__What to do__:
Pictures aside, repeat every entry exactly.

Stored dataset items

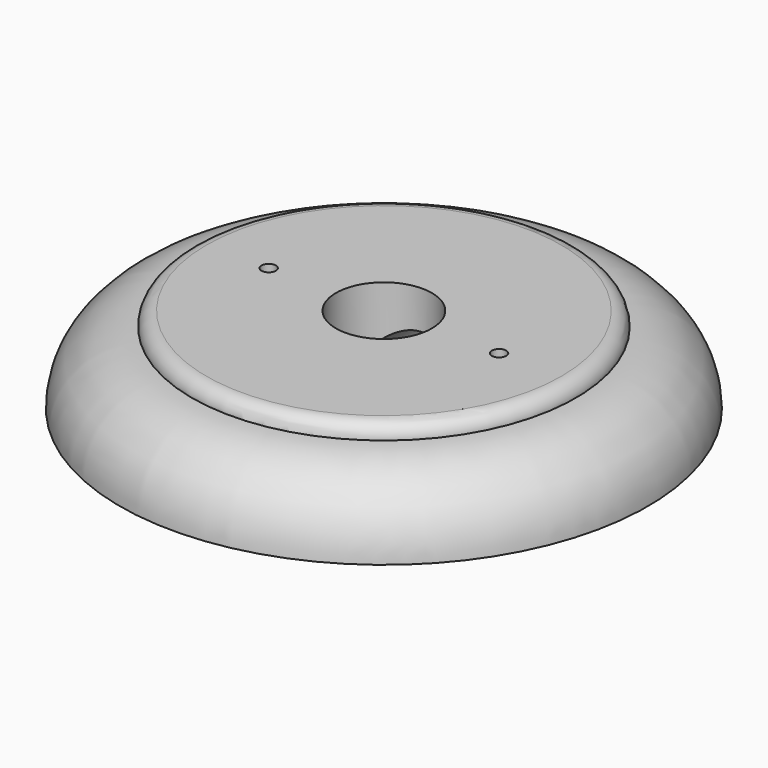
from build123d import *

# Parameters (mm, degrees)
F0_W     = 10
F0_H     = 25.0418604054
F0_H_2   = 18
F0_H_3   = 6.9581395946
F3_R     = 10
F4_DEPTH = 141.6
F7_D     = 3
F8_D     = 3
F9_R     = 2.99999


# Not quite as in the source:
# - a fillet or chamfer that OpenCascade refuses, or shapes differently, is made with other operations: its cross-section is extruded or revolved along the edge and cut away or added
# - a fillet or chamfer is up to 0.001 mm smaller than in the source, because OpenCascade refuses the exact size


with BuildPart() as f1:
    # F0 (on Front) → F1 (revolve)
    with BuildSketch(Plane.XZ):
        Polygon((-55, 15), (-55, 0), (0, 0), (0, 18), (-40, 18), (-40, 15), align=None)
    revolve(axis=Axis((0, 0, 9), (0, 0, 1)))

    # F0 (on Front) → F2 (revolve, cut)
    with BuildSketch(Plane.XZ):
        with Locations((5, 30.5209302027)):
            Rectangle(F0_W, F0_H)
        with Locations((5, 9)):
            Rectangle(F0_W, F0_H_2)
        with Locations((5, -3.4790697973)):
            Rectangle(F0_W, F0_H_3)
    revolve(axis=Axis((0, 0, 18.0418604054), (0, 0, 1)), mode=Mode.SUBTRACT)

    # F3 (on Front) → F4 (cut)
    with BuildSketch(Plane.XZ):
        Circle(F3_R)
    extrude(amount=-F4_DEPTH, mode=Mode.SUBTRACT)

    # F5: fillet of radius 15 on 1 edges, made by hand

    # F5_s1 → F5_t2 (revolve, cut)
    with BuildSketch(Plane.XZ):
        with BuildLine():
            ThreePointArc((-55, 0), (-50.6066017178, 10.6066017178), (-40, 15))
            Line((-40, 15), (-55, 15))
            Line((-55, 15), (-55, 0))
        make_face()
    revolve(axis=Axis((0, 0, 15), (0, 0, 1)), mode=Mode.SUBTRACT)

    # F7 (through all)
    with Locations(Plane(origin=(0, 0, 0), x_dir=(1, 0, 0), z_dir=(0, 0, -1))):
        with Locations((24, 0)):
            Hole(F7_D / 2)

    # F8 (through all)
    with Locations(Plane(origin=(0, 0, 0), x_dir=(1, 0, 0), z_dir=(0, 0, -1))):
        with Locations((-24, 0)):
            Hole(F8_D / 2)

    # F9 (radius 3 in the source; OpenCascade refuses exactly that, so slightly less here)
    f9_edges = [f1.edges().sort_by_distance(p)[0] for p in [
        (40, 0, 18),
    ]]
    fillet(f9_edges, radius=F9_R)


solid = f1.part

__Output__:
from build123d import *

# Parameters (mm, degrees)
F0_W     = 10
F0_H     = 25.0418604054
F0_H_2   = 18
F0_H_3   = 6.9581395946
F3_R     = 10
F4_DEPTH = 141.6
F7_D     = 3
F8_D     = 3
F9_R     = 2.99999


# Not quite as in the source:
# - a fillet or chamfer that OpenCascade refuses, or shapes differently, is made with other operations: its cross-section is extruded or revolved along the edge and cut away or added
# - a fillet or chamfer is up to 0.001 mm smaller than in the source, because OpenCascade refuses the exact size


with BuildPart() as f1:
    # F0 (on Front) → F1 (revolve)
    with BuildSketch(Plane.XZ):
        Polygon((-55, 15), (-55, 0), (0, 0), (0, 18), (-40, 18), (-40, 15), align=None)
    revolve(axis=Axis((0, 0, 9), (0, 0, 1)))

    # F0 (on Front) → F2 (revolve, cut)
    with BuildSketch(Plane.XZ):
        with Locations((5, 30.5209302027)):
            Rectangle(F0_W, F0_H)
        with Locations((5, 9)):
            Rectangle(F0_W, F0_H_2)
        with Locations((5, -3.4790697973)):
            Rectangle(F0_W, F0_H_3)
    revolve(axis=Axis((0, 0, 18.0418604054), (0, 0, 1)), mode=Mode.SUBTRACT)

    # F3 (on Front) → F4 (cut)
    with BuildSketch(Plane.XZ):
        Circle(F3_R)
    extrude(amount=-F4_DEPTH, mode=Mode.SUBTRACT)

    # F5: fillet of radius 15 on 1 edges, made by hand

    # F5_s1 → F5_t2 (revolve, cut)
    with BuildSketch(Plane.XZ):
        with BuildLine():
            ThreePointArc((-55, 0), (-50.6066017178, 10.6066017178), (-40, 15))
            Line((-40, 15), (-55, 15))
            Line((-55, 15), (-55, 0))
        make_face()
    revolve(axis=Axis((0, 0, 15), (0, 0, 1)), mode=Mode.SUBTRACT)

    # F7 (through all)
    with Locations(Plane(origin=(0, 0, 0), x_dir=(1, 0, 0), z_dir=(0, 0, -1))):
        with Locations((24, 0)):
            Hole(F7_D / 2)

    # F8 (through all)
    with Locations(Plane(origin=(0, 0, 0), x_dir=(1, 0, 0), z_dir=(0, 0, -1))):
        with Locations((-24, 0)):
            Hole(F8_D / 2)

    # F9 (radius 3 in the source; OpenCascade refuses exactly that, so slightly less here)
    f9_edges = [f1.edges().sort_by_distance(p)[0] for p in [
        (40, 0, 18),
    ]]
    fillet(f9_edges, radius=F9_R)


solid = f1.part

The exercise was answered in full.